Porque somos hechura suya, creados en Cristo Jesús para buenas obras, las cuales Dios preparó de antemano para que anduviésemos en ellas.

Rendirse es una palabra difícil de digerir. Rendirse suena como perder, y a nadie le gusta sentirse como un perdedor. No es de extrañar que sea difícil rendirse a Dios. Nuestro instinto humano nos dice que rendirse a Él puede no funcionar a nuestro favor. Tal vez esté enojado con nosotros, o tal vez simplemente perdamos el control sobre lo que queremos. Pero las Escrituras nos dicen que rendirse a Jesús es lo que más nos conviene.

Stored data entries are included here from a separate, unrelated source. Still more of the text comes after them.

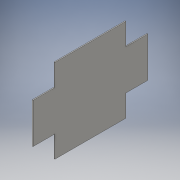
# Autodesk Inventor part: Bottom Plywood Piece
Saved by Autodesk Inventor 2016 SP2 (Build 200236200, 236)
## iProperties
Created: 2018-01-17
Part Number: Bottom Plywood Piece
Material: Generic
Document SubType Name: Modeling
Designer: CAD
Density: 1 g/cm^3
Appearance: Default
Author: CAD
Autodesk Inventor part; units mm, degrees
ref_plane "YZ Plane" through (0, 0, 0) normal (1, 0, 0) x (0, 1, 0)
ref_plane "XZ Plane" through (0, 0, 0) normal (0, 1, 0) x (-1, 0, 0)
ref_plane "XY Plane" through (0, 0, 0) normal (0, 0, 1) x (1, 0, 0)
sketch "Sketch1" plane through (0, 0, 0) normal (1, 0, 0) x (0, 1, 0)
  line L0 (0, 0) -> (-279.4, 0)
  line L1 (-279.4, 0) -> (-279.4, -152.4)
  line L2 (-279.4, -152.4) -> (-431.8, -152.4)
  line L3 (-431.8, -152.4) -> (-431.8, -647.7)
  line L4 (-431.8, -647.7) -> (-279.4, -647.7)
  line L5 (-279.4, -647.7) -> (-279.4, -800.1)
  line L6 (-279.4, -800.1) -> (0, -800.1)
  line L7 (0, -800.1) -> (0, -647.7)
  line L8 (0, -647.7) -> (152.4, -647.7)
  line L9 (152.4, -647.7) -> (152.4, -152.4)
  line L10 (152.4, -152.4) -> (0, -152.4)
  line L11 (0, 0) -> (0, -152.4)
  dimension "d0" = 279.4
  dimension "d1" = 152.4
  dimension "d2" = 152.4
  dimension "d3" = 495.3
  dimension "d4" = 152.4
  dimension "d5" = 152.4
  dimension "d6" = 279.4
  dimension "d7" = 152.4
  dimension "d8" = 152.4
  dimension "d9" = 495.3
  constraints: 24 end point, 7 point on line, 5 perpendicular, 1 horizontal
  measures "d0" distance of L0.start L0.end
  measures "d1" distance of L0.end L1.end
  measures "d2" distance of L1.end L2.end
  measures "d3" distance of L2.end L3.end
  measures "d4" distance of L3.end L4.end
  measures "d5" distance of L4.end L5.end
  measures "d6" distance of L5.end L6.end
  measures "d7" distance of L6.end L7.end
  measures "d8" distance of L7.end L8.end
  measures "d9" distance of L8.end L9.end
extrude "Extrusion1" add sketch "Sketch1" along normal blind 6.35
body "Solid1"
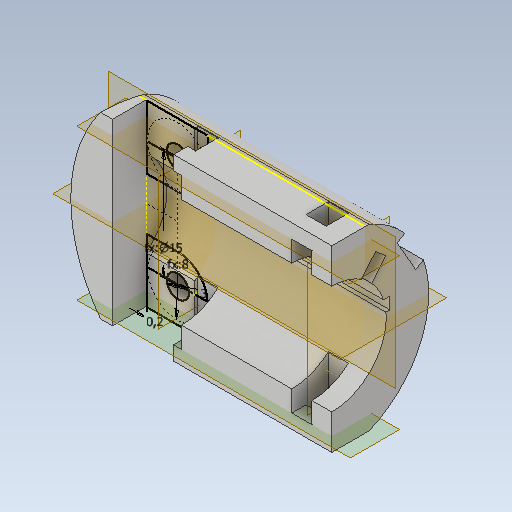
# Autodesk Inventor part: Gimbal_GripHalf_Bottom
Saved by Autodesk Inventor 2021.4 (Build 254397000, 397)
## iProperties
Created: 2022-04-22
Part Number: Gimbal_GripHalf_Bottom
Material: Generisch
Document SubType Name: Modeling
Designer: ALEX
Density: 1 g/cm^3
Appearance: Vorgabe
HollowShaft_Di: 14,600 mm
Hollow_Shaft_Do: 26,000 mm
Flat_Length: 10,000 mm
Author: ALEX
Autodesk Inventor part; units mm, degrees
ref_plane "YZ Plane" through (0, 0, 0) normal (1, 0, 0) x (0, 1, 0)
ref_plane "XY Plane" through (0, 0, 0) normal (0, 0, 1) x (1, 0, 0)
sketch "Skizze1" plane through (0, 0, 0) normal (0, 0, 1) x (1, 0, 0)
  line L0 (0, 0) -> (35, 0) construction
  line L1 (4.8013, 13) -> (35, 13)
  line L2 (35, 13) -> (35, 7.3)
  line L3 (35, 7.3) -> (5.6013, 7.3)
  line L4 (5.6013, 7.3) -> (5.6013, 0)
  arc A0 (4.8013, 13) -> (0, 0) centre (20, 0) ccw
  line L5 (4.8013, 13) -> (4.8013, 0) construction
  line L6 (5.6013, 0) -> (0, 0)
  dimension "HollowShaft_Di" = 14.6
  dimension "Hollow_Shaft_Do" = 26
  dimension "d8" = 20
  dimension "d9" = 0.8
  dimension "GripPart_L" = 35
  constraints: 14 end point, 3 horizontal, 3 perpendicular, 3 point on line, 2 point on circle, 1 centre point, 1 collinear, 1 line through centre
  measures "HollowShaft_Di" diameter of L3 L0
  measures "Hollow_Shaft_Do" diameter of L1 L0
  measures "d8" radius of A0
  measures "d9" distance between parallel lines of L5 L4
  measures "GripPart_L" distance from line of L0.start L2
revolve "Umdrehung1" add sketch "Skizze1" angle 360 about axis through (0, 0, 0) along (1, 0, 0)
sketch "Skizze2" plane through (35, 0, 0) normal (-1, 0, 0) x (0, 0, 1)
  circle A0 centre (0, 0) radius 13 projected
  circle A1 centre (0, 0) radius 13 projected
  line L0 (5, 12) -> (-5, 12)
  line L1 (0, 0) -> (13, 0) construction
  line L2 (5, -12) -> (-5, -12)
  point P0 (0, 0)
  point P1 (5, -12)
  point P2 (-5, -12)
  point P3 (-5, 12)
  point P4 (5, 12)
  dimension "d5" = 10
  constraints: 6 end point, 3 point on circle, 2 horizontal, 2 symmetric about line
  measures "d5" distance of L0.start L0.end
extrude "Flat_extrusion" cut sketch "Skizze2" along normal through all contours L0 A0 | A0 L2
split "Trennen1" plane through (0, 0, 0) removes the side toward (0, 0, 1)
ref_plane "Arbeitsebene2" through (12.25, 0, 0) normal (1, 0, 0) x (0, 0, -1)
ref_plane "Arbeitsebene1" through (32.25, 0, 0) normal (1, 0, 0) x (0, 0, -1)
sketch "Skizze3" plane through (4.8013, 12, -5) normal (0, 1, 0) x (1, 0, 0)
  line L0 (27.4487, 13.2) -> (27.4487, -23.2) construction
  line L1 (7.4487, 13.2) -> (7.4487, -23.2) construction
  line L2 (27.4487, -3) -> (24.9487, -3)
  line L3 (24.9487, -3) -> (24.9487, -0.2)
  line L4 (24.9487, -0.2) -> (27.4487, -0.2)
  line L5 (27.4487, -0.2) -> (27.4487, -3)
  line L6 (-0.8013, -5) -> (30.1987, -5) construction
  line L7 (30.1987, -5) -> (0.8, -5) construction
  line L8 (7.4487, -5) -> (27.4487, -5) construction
  line L9 (17.4487, -5) -> (17.4487, 0) construction
  line L10 (0, 0) -> (30.1987, 0) construction
  line L11 (7.4487, -3) -> (9.9487, -3)
  line L12 (9.9487, -3) -> (9.9487, -0.2)
  line L13 (9.9487, -0.2) -> (7.4487, -0.2)
  line L14 (7.4487, -0.2) -> (7.4487, -3)
  point P0 (-4.8013, -5)
  dimension "d13" = 2.5
  dimension "d14" = 2.8
  dimension "d15" = 2
  constraints: 20 end point, 4 point on line, 4 symmetric about line, 3 midpoint, 2 parallel, 1 horizontal, 1 perpendicular, 1 vertical
  measures "d13" distance of L3.end L4.end
  measures "d14" distance of L2.end L3.end
  measures "d15" distance from line of L6 L2.start
extrude "Extrusion2" cut sketch "Skizze3" against normal through all
ref_plane "Arbeitsebene3" through (4.8013, 10.1, -5) normal (0, 1, 0) x (1, 0, 0)
ref_plane "Arbeitsebene4" through (4.8013, -10.1, -5) normal (0, -1, 0) x (1, 0, 0)
sketch "Skizze4" plane through (4.8013, 10.1, -5) normal (0, 1, 0) x (1, 0, 0)
  line L0 (9.9487, -3) -> (7.4487, -3) projected
  line L1 (-0.8013, -5) -> (30.1987, -5) construction
  line L2 (7.4487, -3) -> (9.9487, -3)
  line L3 (9.9487, -3) -> (9.9487, -5)
  line L4 (9.9487, -5) -> (7.4487, -5)
  line L5 (7.4487, -5) -> (7.4487, -3)
  line L6 (24.9487, -3) -> (24.9487, -0.2) projected
  line L7 (24.9487, -3) -> (27.4487, -3)
  line L8 (27.4487, -3) -> (27.4487, -5)
  line L9 (27.4487, -5) -> (24.9487, -5)
  line L10 (24.9487, -5) -> (24.9487, -3)
  point P0 (-4.8013, -5)
  point P1 (24.9487, 0)
  constraints: 16 end point, 4 parallel, 4 point on line, 2 horizontal, 2 perpendicular
extrude "Extrusion3" cut sketch "Skizze4" against normal up to surface (20.2 mm away)
thicken "SnapAufmass1" operation add thickness 0.1 both sides no extend neighbours yes toward (0, 0, -1) faces at (13.0833, 7.6667, -4.8) (12.25, 9.5269, -3.3868) (14.75, 9.5269, -3.3868) (13.0833, 11.3667, -2)
thicken "SnapAufmass2" operation add thickness 0.1 both sides no extend neighbours yes toward (0, 0, -1) faces at (31.4167, 7.6667, -4.8) (32.25, 9.5269, -3.3868) (29.75, 9.5269, -3.3868) (30.5833, 11.3667, -2)
thicken "SnapAufmass3" operation add thickness 0.1 both sides no extend neighbours yes toward (1, 0, 0) faces at (32.25, -9.5269, -3.3868) (30.5833, -7.6667, -4.8) (29.75, -9.5269, -3.3868) (30.5833, -10.7333, -2)
thicken "SnapAufmass4" operation add thickness 0.1 both sides no extend neighbours yes toward (-1, 0, 0) faces at (12.25, -9.5269, -3.3868) (13.9167, -7.6667, -4.8) (14.75, -9.5269, -3.3868) (13.0833, -10.7333, -2)
ref_plane "Work Plane5" through (4, 12, -4.5) normal (0, 0, 1) x (1, 0, 0)
sketch "LeverFixation" plane through (4, 12, -4.5) normal (0, 0, 1) x (1, 0, 0)
  circle A0 centre (5.8013, -19.5) radius 4 construction
  line L0 (1.6013, -4.7) -> (1.6013, -19.3) construction
  line L1 (31, -24) -> (0.8013, -24) construction
  line L2 (1.6013, -12) -> (5.8013, -12) construction
  circle A1 centre (5.8013, -19.5) radius 1.5
  circle A2 centre (5.8013, -19.5) radius 4 construction
  line L3 (5.8013, -15.5) -> (1.6013, -15.5)
  arc A3 (9.7963, -19.3) -> (5.8013, -15.5) centre (5.8013, -19.5) ccw
  line L4 (1.6013, -19.3) -> (1.6013, -4.7) construction
  circle A4 centre (5.8013, -4.5) radius 4 construction
  circle A5 centre (5.8013, -4.5) radius 1.5
  circle A6 centre (5.8013, -4.5) radius 4 construction
  line L5 (5.8013, -8.5) -> (1.6013, -8.5)
  arc A7 (5.8013, -8.5) -> (9.7963, -4.7) centre (5.8013, -4.5) ccw
  line L6 (5.8013, -19.5) -> (5.8013, -4.5) construction
  line L7 (1.6013, -19.3) -> (31, -19.3) construction
  line L8 (1.6013, -15.5) -> (1.6013, -19.3)
  line L9 (1.6013, -19.3) -> (9.7963, -19.3)
  line L10 (9.7963, -4.7) -> (1.6013, -4.7)
  line L11 (1.6013, -8.5) -> (1.6013, -4.7)
  line L12 (9.7963, -19.3) -> (1.6013, -19.3)
  line L13 (1.6013, -19.3) -> (1.6013, -24)
  line L14 (1.6013, -24) -> (9.7963, -24)
  line L15 (9.7963, -24) -> (9.7963, -19.3)
  line L16 (0.8013, 0) -> (31, 0) projected
  line L17 (1.6013, -4.7) -> (9.7963, -4.7)
  line L18 (9.7963, -4.7) -> (9.7963, 0)
  line L19 (9.7963, 0) -> (1.6013, 0)
  line L20 (1.6013, 0) -> (1.6013, -4.7)
  point P0 (-4, -12)
  point P1 (8.15, -19.3)
  point P2 (7.7946, -4.7)
  point P3 (7.7946, -19.3)
  point P4 (4.3147, -19.3)
  point P5 (7.2879, -19.3)
  point P6 (1.6013, 0)
  point P7 (7.2879, -4.7)
  point P8 (4.3147, -4.7)
  dimension "d31" = 8
  dimension "d32" = 0.2
  dimension "d35" = 15
  dimension "d36" = 3
  constraints: 33 end point, 8 horizontal, 7 symmetric about line, 6 centre point, 5 point on line, 4 coincident, 4 parallel, 4 point on circle, 3 perpendicular, 2 midpoint, 2 vertical alignment, 1 collinear, 1 tangent, 1 vertical, 9 other
  measures "d31" diameter of A0
  measures "d32" distance edge to line of A0 L0
  measures "d35" diameter of A0.centre L2
  measures "d36" diameter of A1
extrude "Lever_Fixation" [suppressed]
extrude "LeverExit" cut sketch "LeverFixation" along normal through all
extrude "Extrusion12" cut sketch "LeverFixation" against normal blind 4 contours A1 L9 | L9 A1 | A5 L10 | L10 A5
sketch "Sketch8" plane through (35, 0, 0) normal (1, 0, 0) x (0, 0, -1)
  line L0 (7.7, 0.75) -> (-8, 0.75) construction
  line L1 (-8, 0.75) -> (-8, 2.15) construction
  line L2 (-8, 2.15) -> (7.7, 2.15) construction
  line L3 (7.7, 2.15) -> (7.7, 0.75) construction
  line L4 (0, 0.75) -> (0, 2.15) construction
  line L5 (-8.1, 0.65) -> (7.8, 0.65)
  line L6 (7.8, 0.65) -> (7.8, 2.25)
  line L7 (7.8, 2.25) -> (-8.1, 2.25)
  line L8 (-8.1, 2.25) -> (-8.1, 0.65)
  point P0 (0, 0)
  dimension "d41" = 1.4
  dimension "d42" = 15.7
  dimension "d43" = 7.7
  dimension "d44" = 0.75
  dimension "d45" = 0.1
  constraints: 18 end point, 4 parallel, 3 perpendicular, 3 point on line, 1 horizontal, 3 other
  measures "d41" distance between parallel lines of L0 L2
  measures "d42" distance between parallel lines of L3 L1
  measures "d43" distance between parallel lines of L3 L4
  measures "d44" distance from line of point (0, 0) L0
  measures "d45" distance between parallel lines of L7 L2
extrude "IMUTrack" cut sketch "Sketch8" against normal blind 20.8
sketch "Sketch9" plane through (35, 0, 0) normal (1, 0, 0) x (0, 0, -1)
  circle A0 centre (0, 0) radius 7.3 construction
  line L0 (-4.6923, -5.5921) -> (4.6923, -5.5921) construction
  line L1 (4.6923, -5.5921) -> (4.6923, 5.5921) construction
  line L2 (4.6923, 5.5921) -> (-4.6923, 5.5921) construction
  line L3 (-4.6923, 5.5921) -> (-4.6923, -5.5921) construction
  line L4 (-4.6923, -5.5921) -> (4.6923, 5.5921) construction
  line L5 (4.6923, -5.5921) -> (-4.6923, 5.5921) construction
  line L6 (0, 0) -> (0, 7.3) construction
  line L7 (3.5177, 2.7921) -> (7.2459, 7.2351) construction
  line L8 (7.2459, 7.2351) -> (5.867, 8.3922) construction
  line L9 (5.867, 8.3922) -> (2.1388, 3.9491) construction
  line L10 (2.1388, 3.9491) -> (3.5177, 2.7921) construction
  line L11 (3.5177, 2.7921) -> (5.867, 8.3922) construction
  line L12 (7.2459, 7.2351) -> (2.1388, 3.9491) construction
  arc A1 (5.346, 4.971) -> (3.9671, 6.128) centre (0, 0) ccw
  line L13 (7.2459, 7.2351) -> (5.867, 8.3922)
  line L14 (7.2459, 7.2351) -> (5.346, 4.971)
  line L15 (5.867, 8.3922) -> (3.9671, 6.128)
  point P0 (0, 0)
  point P1 (4.6923, 5.5921)
  dimension "d48" = 14.6
  dimension "d49" = 40
  dimension "d50" = 1.8
  dimension "d51" = 2.9
  constraints: 32 end point, 7 midpoint, 6 point on circle, 4 parallel, 4 perpendicular, 2 centre point, 2 coincident, 2 point on line, 1 concentric, 1 horizontal, 1 vertical
  measures "d48" diameter of A0
  measures "d49" angle of L6 L5
  measures "d50" distance of L7.end L8.end
  measures "d51" distance from line of L8 point (4.692, 5.592)
extrude "FixationSlide_Track" cut sketch "Sketch9" against normal blind 20.8
ref_plane "Work Plane6" through (0, -8.4167, 0) normal (0, 0, -1) x (0, 1, 0)
sketch "Sketch11" plane through (35, 0, 0) normal (1, 0, 0) x (0, 0, -1)
  line L0 (0, 0) -> (11.2583, 6.5) construction
  arc A0 (5, -12) -> (5, 12) centre (0, 0) ccw construction
  line L1 (0, 0) -> (13, 0) construction
  line L2 (11.259, 3.6136) -> (8.759, 7.9437)
  line L3 (11.259, 3.6136) -> (12.2982, 4.2136)
  line L4 (8.759, 7.9437) -> (9.7982, 8.5437)
  line L5 (12.2982, 4.2136) -> (9.7982, 8.5437) construction
  arc A1 (12.2982, 4.2136) -> (9.7982, 8.5437) centre (0, 0) ccw
  point P0 (10.009, 5.7787)
  dimension "d63" = 30
  dimension "d64" = 1.2
  dimension "d65" = 5
  constraints: 12 end point, 7 point on circle, 4 perpendicular, 1 centre point, 1 midpoint, 1 point on line
  measures "d63" angle of L0 L1
  measures "d64" distance between parallel lines of L2 L5
  measures "d65" distance of L2.start L2.end
extrude "Extrusion9" cut sketch "Sketch11" against normal blind 6
sketch "Sketch12" plane through (35, 3.6136, -11.259) normal (0, 0.5, -0.8660254) x (-1, 0, 0)
  line L0 (6, 0) -> (6, 5) projected
  line L1 (0, 0) -> (6, 0) projected
  line L2 (6, 5) -> (4, 5)
  line L3 (4, 5) -> (4, 0)
  line L4 (4, 0) -> (6, 0)
  line L5 (6, 0) -> (6, 5)
  point P0 (35, 2.5)
  dimension "d68" = 2
  constraints: 8 end point, 2 parallel, 1 horizontal, 1 perpendicular, 1 point on line
  measures "d68" distance between parallel lines of L3 L0
extrude "Extrusion10" cut sketch "Sketch12" against normal blind 1.6
chamfer "Chamfer1" distance 1.2 angle 45 1 edges at (29, 6.5, -11.2583)
equation "\"HollowShaft_Di\" = HollowShaft_Di_1"
equation "\"Hollow_Shaft_Do\" = Hollow_Shaft_Do_1"
equation "\"d5\" = Flat_Length"
equation "\"d13\" = HoleWidth"
equation "\"d14\" = HoleHeight"
equation "\"d15\" = SnapHeight"
equation "\"d22\" = Aufmass"
equation "\"d23\" = Aufmass"
equation "\"d24\" = Aufmass"
equation "\"d25\" = Aufmass"
equation "\"d26\" = Aufmass"
equation "\"d27\" = Aufmass"
equation "\"d28\" = Aufmass"
equation "\"d29\" = Aufmass"
equation "\"d31\" = Lever_Do"
equation "\"d35\" = Hole_Dist"
equation "\"d41\" = BoardThickness"
equation "\"d42\" = B_Frame_Y_top + B_Frame_Y_bottom"
equation "\"d43\" = B_Frame_Y_bottom"
equation "\"d44\" = B_Frame_Z"
equation "\"d45\" = IMU_Aufmass"
equation "\"d46\" = BoardLength"
equation "\"d48\" = HollowShaft_Di_1"
equation "\"d49\" = SlideAngle"
equation "\"d52\" = BoardLength"
equation "\"d63\" = HorizontalSnapper_Angle"
equation "\"d64\" = SnapperThickness"
equation "\"d65\" = SnapperWidth"
equation "\"d66\" = HorizontalSnapper_Length"
equation "\"d68\" = SnapWedge_Width"
equation "\"d69\" = WedgeDepth"
equation "\"d71\" = d64"
equation "\"d11\" = SnapStart"
equation "\"d18\" = -SnapThick"
equation "\"d19\" = -SnapThick"
equation "\"Aufmass\" = 0.1"
equation "\"d30\" = -0.5 * GearThickness"
equation "\"Hole_Dist\" = d"
equation "\"B_Frame_Y_top\" = 8"
equation "\"B_Frame_Y_bottom\" = 7.7"
equation "\"B_Frame_Z\" = 0.75"
equation "\"BoardThickness\" = 1.4"
equation "\"IMU_Aufmass\" = 0.1"
equation "\"HollowShaft_Di_1\" = 14.6"
equation "\"Hollow_Shaft_Do_1\" = 26"
equation "\"Flat_Length\" = 10"
equation "\"HoleWidth\" = 2.5"
equation "\"HoleHeight\" = 2.8"
equation "\"SnapHeight\" = 2"
equation "\"Lever_Do\" = 8"
equation "\"BoardLength\" = 20.8"
equation "\"SlideAngle\" = 40deg"
equation "\"HorizontalSnapper_Angle\" = 30deg"
equation "\"SnapperThickness\" = 1.2"
equation "\"SnapperWidth\" = 5"
equation "\"HorizontalSnapper_Length\" = 6"
equation "\"SnapWedge_Width\" = 2"
equation "\"WedgeDepth\" = 1.6"
equation "\"SnapStart\" = -2.75"
equation "\"SnapThick\" = 1.9"
equation "\"GearThickness\" = 9"
equation "\"d\" = 15"

Dios le ha dado a Jesús autoridad suprema y completa sobre toda la creación. Doblar rodilla, un signo de sumisión y lealtad, es la respuesta apropiada para el soberano del universo. Vemos esto en la relación entre reyes o reinas y sus súbditos. Pero con Jesús como nuestro gobernante, sabemos que nos tratará con perfecta bondad amorosa, y que Su plan y propósitos para nuestras vidas siempre serán buenos, incluso si en algún momento son difíciles y dolorosos.

Dios nos ha creado, y también nos ha liberado de la pena y la esclavitud al pecado. Nos ha prometido una vida de libertad y de abundancia. No tenemos ninguna razón para acobardarnos por temor a lo que la sumisión a Él nos traerá. Él no tiene ningún deseo de hacer que nuestras vidas sean miserables, pero quiere que experimentemos un reino caracterizado por el amor.

Seguir a Jesús de todo corazón requiere sumisión a él. No podemos seguir nuestra propia agenda y al mismo tiempo seguirlo a Él. Tratar de hacer ambas cosas creará más tensión y estrés. No sabemos a dónde nos llevará, pero sí sabemos que es bueno y confiable. Y Él nos creó para las buenas obras, que ya ha preparado para nosotros.

Ahora es el momento de darle las riendas para guiar tu vida al mejor lugar, más allá de lo que puedas imaginar por ti mismo.

Los próximos seis días desentrañan cada frase de una oración diaria de rendición a Jesús que puede cambiar dramáticamente su caminar con Él.

Señor Jesús, me entrego a Ti.

En el poder de Tu Espíritu….

Iré a donde quieras que vaya.

Haré lo que quieras que haga.

Diré lo que quieras que diga.

Daré lo que quieres que dé.

Para Tu honor y gloria. Amén.

¿Estás preparado para postrarte y rendirte a Jesús como tu Salvador y Señor? Si hay algo que te retiene, simplemente dícelo en oración o escribe una carta que explique lo que lo hace que sea tan difícil.